To reproduce the sustainability-report-emissions-dpo dataset:
python -m corporate_emission_reports.create_train_dataset --predictions_source sustainability-report-emissions/emissions_train.parquet --type dpo --dataset_path data_train/emissions_dpo.jsonl
Alternatively, the outputs can be reproduced as well using:
python -m corporate_emission_reports.experiment --model mixtral --documents_dir pdfs_train --output_dir outputs_train --prompt_output_dir prompts/generated_train
Then, the dataset can be reproduced using the generated outputs:
python -m corporate_emission_reports.create_train_dataset --predictions_source outputs_train/Mixtral-8x7B-Instruct-v0.1
The training is implemented using axolotl. For this, a different environment must be installed and activated:
conda env create --file environment-axolotl.yaml
conda activate axolotl
pip install "axolotl[flash-attn,deepspeed] @ git+https://github.com/OpenAccess-AI-Collective/axolotl"
To finetune a LoRA for the Mistral-7B-Instruct-v0.2 base model on the sustainability-report-emissions-instruction-style dataset:
accelerate launch -m axolotl.cli.train train_config/lora_sft.yml
It makes sense to adjust the training configuration based on the system. A different dataset (e.g. the data_train/emissions_sft.jsonl
dataset reproduced above) can also be set.

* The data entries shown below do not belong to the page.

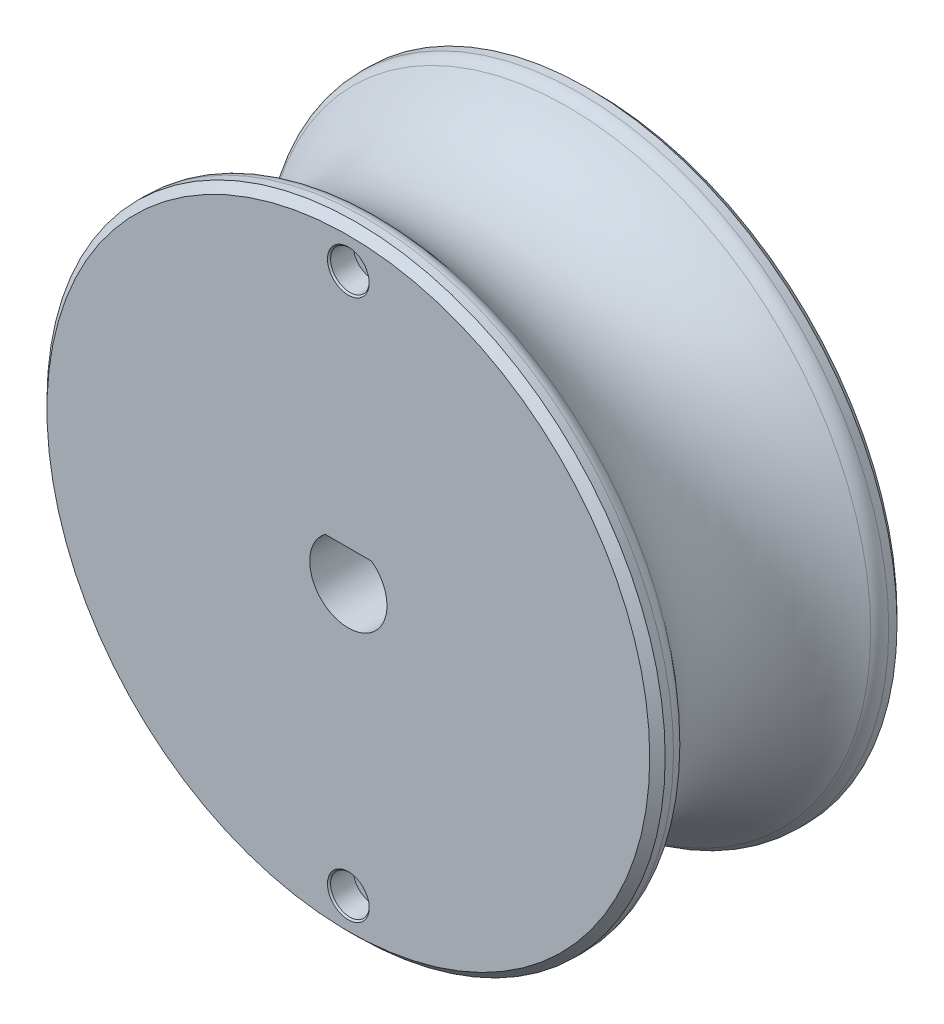
ISO-10303-21;
HEADER;
FILE_DESCRIPTION(('STEP AP214'),'2;1');
FILE_NAME('part.step','',(''),(''),'','','');
FILE_SCHEMA(('AUTOMOTIVE_DESIGN { 1 0 10303 214 1 1 1 1 }'));
ENDSEC;
DATA;
#1=APPLICATION_CONTEXT('core data for automotive mechanical design processes');
#2=APPLICATION_PROTOCOL_DEFINITION('international standard','automotive_design',2000,#1);
#3=PRODUCT_CONTEXT('',#1,'mechanical');
#4=PRODUCT('Part','Part','',(#3));
#5=PRODUCT_RELATED_PRODUCT_CATEGORY('part','',(#4));
#6=PRODUCT_DEFINITION_FORMATION('','',#4);
#7=PRODUCT_DEFINITION_CONTEXT('part definition',#1,'design');
#8=PRODUCT_DEFINITION('design','',#6,#7);
#9=PRODUCT_DEFINITION_SHAPE('','',#8);
#10=(LENGTH_UNIT() NAMED_UNIT(*) SI_UNIT(.MILLI.,.METRE.));
#11=(NAMED_UNIT(*) PLANE_ANGLE_UNIT() SI_UNIT($,.RADIAN.));
#12=(NAMED_UNIT(*) SI_UNIT($,.STERADIAN.) SOLID_ANGLE_UNIT());
#13=UNCERTAINTY_MEASURE_WITH_UNIT(LENGTH_MEASURE(1.E-05),#10,'distance_accuracy_value','');
#14=(GEOMETRIC_REPRESENTATION_CONTEXT(3) GLOBAL_UNCERTAINTY_ASSIGNED_CONTEXT((#13)) GLOBAL_UNIT_ASSIGNED_CONTEXT((#10,
#11,#12)) REPRESENTATION_CONTEXT('',''));
#15=CARTESIAN_POINT('',(0.,0.,0.));
#16=DIRECTION('',(0.,0.,1.));
#17=DIRECTION('',(1.,0.,0.));
#18=AXIS2_PLACEMENT_3D('',#15,#16,#17);
#19=CARTESIAN_POINT('',(0.,0.,20.32));
#20=DIRECTION('',(0.,0.,-1.));
#21=DIRECTION('',(-1.,0.,0.));
#22=AXIS2_PLACEMENT_3D('',#19,#20,#21);
#23=CYLINDRICAL_SURFACE('',#22,50.8);
#24=CARTESIAN_POINT('',(0.,0.,19.05));
#25=DIRECTION('',(0.,0.,1.));
#26=DIRECTION('',(1.,0.,0.));
#27=AXIS2_PLACEMENT_3D('',#24,#25,#26);
#28=CIRCLE('',#27,50.8);
#29=CARTESIAN_POINT('',(50.8,0.,19.05));
#30=VERTEX_POINT('',#29);
#31=EDGE_CURVE('E151',#30,#30,#28,.F.);
#32=ORIENTED_EDGE('',*,*,#31,.T.);
#33=EDGE_LOOP('',(#32));
#34=FACE_BOUND('',#33,.T.);
#35=CARTESIAN_POINT('',(0.,0.,17.6887167426018));
#36=DIRECTION('',(0.,0.,-1.));
#37=DIRECTION('',(-1.,0.,0.));
#38=AXIS2_PLACEMENT_3D('',#35,#36,#37);
#39=CIRCLE('',#38,50.8);
#40=CARTESIAN_POINT('',(-50.8,0.,17.6887167426018));
#41=VERTEX_POINT('',#40);
#42=EDGE_CURVE('E135',#41,#41,#39,.F.);
#43=ORIENTED_EDGE('',*,*,#42,.T.);
#44=EDGE_LOOP('',(#43));
#45=FACE_BOUND('',#44,.T.);
#46=ADVANCED_FACE('F49',(#34,#45),#23,.T.);
#47=CARTESIAN_POINT('',(0.,0.,20.32));
#48=DIRECTION('',(0.,0.,1.));
#49=DIRECTION('',(1.,0.,0.));
#50=AXIS2_PLACEMENT_3D('',#47,#48,#49);
#51=PLANE('',#50);
#52=CARTESIAN_POINT('',(0.,0.,20.32));
#53=DIRECTION('',(0.,0.,1.));
#54=DIRECTION('',(1.,0.,0.));
#55=AXIS2_PLACEMENT_3D('',#52,#53,#54);
#56=CIRCLE('',#55,6.35);
#57=CARTESIAN_POINT('',(-3.81,5.08,20.32));
#58=VERTEX_POINT('',#57);
#59=CARTESIAN_POINT('',(3.81,5.08,20.32));
#60=VERTEX_POINT('',#59);
#61=EDGE_CURVE('E12',#58,#60,#56,.T.);
#62=ORIENTED_EDGE('',*,*,#61,.F.);
#63=DIRECTION('',(-1.,0.,0.));
#64=VECTOR('',#63,1.);
#65=CARTESIAN_POINT('',(0.,5.08,20.32));
#66=LINE('',#65,#64);
#67=EDGE_CURVE('E59',#60,#58,#66,.T.);
#68=ORIENTED_EDGE('',*,*,#67,.F.);
#69=EDGE_LOOP('',(#62,#68));
#70=FACE_BOUND('',#69,.T.);
#71=CARTESIAN_POINT('',(0.,-44.45,20.32));
#72=DIRECTION('',(0.,0.,1.));
#73=DIRECTION('',(1.,0.,0.));
#74=AXIS2_PLACEMENT_3D('',#71,#72,#73);
#75=CIRCLE('',#74,3.42899999999999);
#76=CARTESIAN_POINT('',(3.42899999999999,-44.45,20.32));
#77=VERTEX_POINT('',#76);
#78=EDGE_CURVE('E163',#77,#77,#75,.F.);
#79=ORIENTED_EDGE('',*,*,#78,.T.);
#80=EDGE_LOOP('',(#79));
#81=FACE_BOUND('',#80,.T.);
#82=CARTESIAN_POINT('',(0.,44.45,20.32));
#83=DIRECTION('',(0.,0.,1.));
#84=DIRECTION('',(1.,0.,0.));
#85=AXIS2_PLACEMENT_3D('',#82,#83,#84);
#86=CIRCLE('',#85,3.42899999999997);
#87=CARTESIAN_POINT('',(3.42899999999997,44.45,20.32));
#88=VERTEX_POINT('',#87);
#89=EDGE_CURVE('E159',#88,#88,#86,.F.);
#90=ORIENTED_EDGE('',*,*,#89,.T.);
#91=EDGE_LOOP('',(#90));
#92=FACE_BOUND('',#91,.T.);
#93=CARTESIAN_POINT('',(0.,0.,20.32));
#94=DIRECTION('',(0.,0.,1.));
#95=DIRECTION('',(1.,0.,0.));
#96=AXIS2_PLACEMENT_3D('',#93,#94,#95);
#97=CIRCLE('',#96,49.53);
#98=CARTESIAN_POINT('',(49.53,0.,20.32));
#99=VERTEX_POINT('',#98);
#100=EDGE_CURVE('E139',#99,#99,#97,.T.);
#101=ORIENTED_EDGE('',*,*,#100,.T.);
#102=EDGE_LOOP('',(#101));
#103=FACE_BOUND('',#102,.T.);
#104=ADVANCED_FACE('F215',(#70,#81,#92,#103),#51,.T.);
#105=CARTESIAN_POINT('',(0.,0.,0.));
#106=DIRECTION('',(0.,0.,-1.));
#107=DIRECTION('',(-1.,0.,0.));
#108=AXIS2_PLACEMENT_3D('',#105,#106,#107);
#109=TOROIDAL_SURFACE('',#108,62.23,20.);
#110=CARTESIAN_POINT('',(0.,0.,-15.6954008363813));
#111=DIRECTION('',(0.,0.,1.));
#112=DIRECTION('',(1.,0.,0.));
#113=AXIS2_PLACEMENT_3D('',#110,#111,#112);
#114=CIRCLE('',#113,49.8342590949424);
#115=CARTESIAN_POINT('',(49.8342590949424,0.,-15.6954008363813));
#116=VERTEX_POINT('',#115);
#117=EDGE_CURVE('E131',#116,#116,#114,.T.);
#118=ORIENTED_EDGE('',*,*,#117,.T.);
#119=EDGE_LOOP('',(#118));
#120=FACE_BOUND('',#119,.T.);
#121=CARTESIAN_POINT('',(0.,0.,15.6954008363814));
#122=DIRECTION('',(0.,0.,-1.));
#123=DIRECTION('',(-1.,0.,0.));
#124=AXIS2_PLACEMENT_3D('',#121,#122,#123);
#125=CIRCLE('',#124,49.8342590949423);
#126=CARTESIAN_POINT('',(-49.8342590949423,0.,15.6954008363814));
#127=VERTEX_POINT('',#126);
#128=EDGE_CURVE('E127',#127,#127,#125,.T.);
#129=ORIENTED_EDGE('',*,*,#128,.T.);
#130=EDGE_LOOP('',(#129));
#131=FACE_BOUND('',#130,.T.);
#132=ADVANCED_FACE('F224',(#120,#131),#109,.F.);
#133=CARTESIAN_POINT('',(0.,0.,-20.32));
#134=DIRECTION('',(0.,0.,1.));
#135=DIRECTION('',(1.,0.,0.));
#136=AXIS2_PLACEMENT_3D('',#133,#134,#135);
#137=PLANE('',#136);
#138=CARTESIAN_POINT('',(0.,44.45,-20.32));
#139=DIRECTION('',(0.,0.,-1.));
#140=DIRECTION('',(1.,0.,0.));
#141=AXIS2_PLACEMENT_3D('',#138,#139,#140);
#142=CIRCLE('',#141,3.175);
#143=CARTESIAN_POINT('',(3.175,44.45,-20.32));
#144=VERTEX_POINT('',#143);
#145=EDGE_CURVE('E91',#144,#144,#142,.T.);
#146=ORIENTED_EDGE('',*,*,#145,.F.);
#147=EDGE_LOOP('',(#146));
#148=FACE_BOUND('',#147,.T.);
#149=CARTESIAN_POINT('',(0.,-44.45,-20.32));
#150=DIRECTION('',(0.,0.,1.));
#151=DIRECTION('',(1.,0.,0.));
#152=AXIS2_PLACEMENT_3D('',#149,#150,#151);
#153=CIRCLE('',#152,3.175);
#154=CARTESIAN_POINT('',(3.175,-44.45,-20.32));
#155=VERTEX_POINT('',#154);
#156=EDGE_CURVE('E101',#155,#155,#153,.T.);
#157=ORIENTED_EDGE('',*,*,#156,.T.);
#158=EDGE_LOOP('',(#157));
#159=FACE_BOUND('',#158,.T.);
#160=CARTESIAN_POINT('',(0.,0.,-20.32));
#161=DIRECTION('',(0.,0.,1.));
#162=DIRECTION('',(1.,0.,0.));
#163=AXIS2_PLACEMENT_3D('',#160,#161,#162);
#164=CIRCLE('',#163,5.01649999999999);
#165=CARTESIAN_POINT('',(5.01649999999999,0.,-20.32));
#166=VERTEX_POINT('',#165);
#167=EDGE_CURVE('E178',#166,#166,#164,.T.);
#168=ORIENTED_EDGE('',*,*,#167,.T.);
#169=EDGE_LOOP('',(#168));
#170=FACE_BOUND('',#169,.T.);
#171=CARTESIAN_POINT('',(0.,0.,-20.32));
#172=DIRECTION('',(0.,0.,1.));
#173=DIRECTION('',(1.,0.,0.));
#174=AXIS2_PLACEMENT_3D('',#171,#172,#173);
#175=CIRCLE('',#174,49.53);
#176=CARTESIAN_POINT('',(49.53,0.,-20.32));
#177=VERTEX_POINT('',#176);
#178=EDGE_CURVE('E147',#177,#177,#175,.F.);
#179=ORIENTED_EDGE('',*,*,#178,.T.);
#180=EDGE_LOOP('',(#179));
#181=FACE_BOUND('',#180,.T.);
#182=ADVANCED_FACE('F231',(#148,#159,#170,#181),#137,.F.);
#183=CARTESIAN_POINT('',(0.,0.,-19.05));
#184=DIRECTION('',(0.,0.,1.));
#185=DIRECTION('',(1.,0.,0.));
#186=AXIS2_PLACEMENT_3D('',#183,#184,#185);
#187=CIRCLE('',#186,50.8);
#188=CARTESIAN_POINT('',(50.8,0.,-19.05));
#189=VERTEX_POINT('',#188);
#190=EDGE_CURVE('E143',#189,#189,#187,.T.);
#191=ORIENTED_EDGE('',*,*,#190,.T.);
#192=EDGE_LOOP('',(#191));
#193=FACE_BOUND('',#192,.T.);
#194=CARTESIAN_POINT('',(0.,0.,-17.6887167426018));
#195=DIRECTION('',(0.,0.,1.));
#196=DIRECTION('',(1.,0.,0.));
#197=AXIS2_PLACEMENT_3D('',#194,#195,#196);
#198=CIRCLE('',#197,50.8);
#199=CARTESIAN_POINT('',(50.8,0.,-17.6887167426018));
#200=VERTEX_POINT('',#199);
#201=EDGE_CURVE('E123',#200,#200,#198,.F.);
#202=ORIENTED_EDGE('',*,*,#201,.T.);
#203=EDGE_LOOP('',(#202));
#204=FACE_BOUND('',#203,.T.);
#205=ADVANCED_FACE('F218',(#193,#204),#23,.T.);
#206=CARTESIAN_POINT('',(0.,0.,-17.6887167426018));
#207=DIRECTION('',(0.,0.,1.));
#208=DIRECTION('',(1.,0.,0.));
#209=AXIS2_PLACEMENT_3D('',#206,#207,#208);
#210=TOROIDAL_SURFACE('',#209,48.26,2.54);
#211=ORIENTED_EDGE('',*,*,#117,.F.);
#212=EDGE_LOOP('',(#211));
#213=FACE_BOUND('',#212,.T.);
#214=ORIENTED_EDGE('',*,*,#201,.F.);
#215=EDGE_LOOP('',(#214));
#216=FACE_BOUND('',#215,.T.);
#217=ADVANCED_FACE('F230',(#213,#216),#210,.T.);
#218=CARTESIAN_POINT('',(0.,0.,17.6887167426018));
#219=DIRECTION('',(0.,0.,-1.));
#220=DIRECTION('',(-1.,0.,0.));
#221=AXIS2_PLACEMENT_3D('',#218,#219,#220);
#222=TOROIDAL_SURFACE('',#221,48.26,2.54);
#223=ORIENTED_EDGE('',*,*,#128,.F.);
#224=EDGE_LOOP('',(#223));
#225=FACE_BOUND('',#224,.T.);
#226=ORIENTED_EDGE('',*,*,#42,.F.);
#227=EDGE_LOOP('',(#226));
#228=FACE_BOUND('',#227,.T.);
#229=ADVANCED_FACE('F237',(#225,#228),#222,.T.);
#230=CARTESIAN_POINT('',(0.,0.,-19.05));
#231=DIRECTION('',(0.,0.,1.));
#232=DIRECTION('',(1.,0.,0.));
#233=AXIS2_PLACEMENT_3D('',#230,#231,#232);
#234=CONICAL_SURFACE('',#233,50.8,0.785398163397446);
#235=ORIENTED_EDGE('',*,*,#178,.F.);
#236=EDGE_LOOP('',(#235));
#237=FACE_BOUND('',#236,.T.);
#238=ORIENTED_EDGE('',*,*,#190,.F.);
#239=EDGE_LOOP('',(#238));
#240=FACE_BOUND('',#239,.T.);
#241=ADVANCED_FACE('F246',(#237,#240),#234,.T.);
#242=CARTESIAN_POINT('',(0.,0.,20.32));
#243=DIRECTION('',(0.,0.,-1.));
#244=DIRECTION('',(-1.,0.,0.));
#245=AXIS2_PLACEMENT_3D('',#242,#243,#244);
#246=CONICAL_SURFACE('',#245,49.53,0.785398163397451);
#247=ORIENTED_EDGE('',*,*,#31,.F.);
#248=EDGE_LOOP('',(#247));
#249=FACE_BOUND('',#248,.T.);
#250=ORIENTED_EDGE('',*,*,#100,.F.);
#251=EDGE_LOOP('',(#250));
#252=FACE_BOUND('',#251,.T.);
#253=ADVANCED_FACE('F247',(#249,#252),#246,.T.);
#254=CARTESIAN_POINT('',(0.,-44.45,16.32));
#255=DIRECTION('',(0.,0.,1.));
#256=DIRECTION('',(1.,0.,0.));
#257=AXIS2_PLACEMENT_3D('',#254,#255,#256);
#258=CYLINDRICAL_SURFACE('',#257,3.175);
#259=CARTESIAN_POINT('',(0.,-44.45,20.066));
#260=DIRECTION('',(0.,0.,1.));
#261=DIRECTION('',(1.,0.,0.));
#262=AXIS2_PLACEMENT_3D('',#259,#260,#261);
#263=CIRCLE('',#262,3.175);
#264=CARTESIAN_POINT('',(3.175,-44.45,20.066));
#265=VERTEX_POINT('',#264);
#266=EDGE_CURVE('E155',#265,#265,#263,.T.);
#267=ORIENTED_EDGE('',*,*,#266,.T.);
#268=EDGE_LOOP('',(#267));
#269=FACE_BOUND('',#268,.T.);
#270=CARTESIAN_POINT('',(0.,-44.45,16.32));
#271=DIRECTION('',(0.,0.,1.));
#272=DIRECTION('',(1.,0.,0.));
#273=AXIS2_PLACEMENT_3D('',#270,#271,#272);
#274=CIRCLE('',#273,3.175);
#275=CARTESIAN_POINT('',(3.175,-44.45,16.32));
#276=VERTEX_POINT('',#275);
#277=EDGE_CURVE('E119',#276,#276,#274,.T.);
#278=ORIENTED_EDGE('',*,*,#277,.F.);
#279=EDGE_LOOP('',(#278));
#280=FACE_BOUND('',#279,.T.);
#281=ADVANCED_FACE('F253',(#269,#280),#258,.F.);
#282=CARTESIAN_POINT('',(0.,-44.45,16.32));
#283=DIRECTION('',(0.,0.,1.));
#284=DIRECTION('',(1.,0.,0.));
#285=AXIS2_PLACEMENT_3D('',#282,#283,#284);
#286=PLANE('',#285);
#287=ORIENTED_EDGE('',*,*,#277,.T.);
#288=EDGE_LOOP('',(#287));
#289=FACE_BOUND('',#288,.T.);
#290=ADVANCED_FACE('F328',(#289),#286,.T.);
#291=CARTESIAN_POINT('',(0.,44.45,16.32));
#292=DIRECTION('',(0.,0.,1.));
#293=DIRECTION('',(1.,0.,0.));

Instead, to finetune a LoRA for the Mistral-7B-Instruct-v0.2 base model using DPO on the sustainability-report-emissions-dpo dataset:
accelerate launch -m axolotl.cli.train train_config/lora_dpo.yml
To finetune Qwen1.5-1.8B-Chat instead of Mistral-7B-Instruct-v0.2:
accelerate launch -m axolotl.cli.train train_config/lora_sft_qwen.yml
The LoRA is stored in safetensors format at emissions-extraction-lora
and can be converted into GGUF format consumable by llama.cpp:
python llama.cpp/convert-lora-to-ggml.py emissions-extraction-lora
Furthermore, the adapter can be merged into the base model and converted into GGUF format:
python -m corporate_emission_reports.merge_base_lora emissions-extraction-lora emissions-extraction-lora-merged-GGUF
python llama.cpp/convert.py emissions-extraction-lora-merged-GGUF --outtype f16
llama.cpp/build/bin/quantize emissions-extraction-lora-merged-GGUF/ggml-model-f16.gguf Q5_K_M
Running inference with the trained LoRA:
python -m corporate_emission_reports.inference test.pdf --model mistral --lora emissions-extraction-lora/ggml-adapter-model.bin
Since PDF documents also contain visual information, it would be interesting to evaluate (and possibly finetune) multimodal vision-language models such as CogVLM.
The prompts could be improved using strategies such as few-shot or chain-of-thought prompting. However, these require a lot of tokens, which is problematic given the already high amount of tokens in input prompts.
While the focus was on large decoder-only language models, it may be interesting to test how smaller encoder(-decoder) models such as (XLM-)RoBERTa or DeBERTa perform. These models could be finetuned on the Mixtral output dataset. However, the average input sequence is far longer than their context size.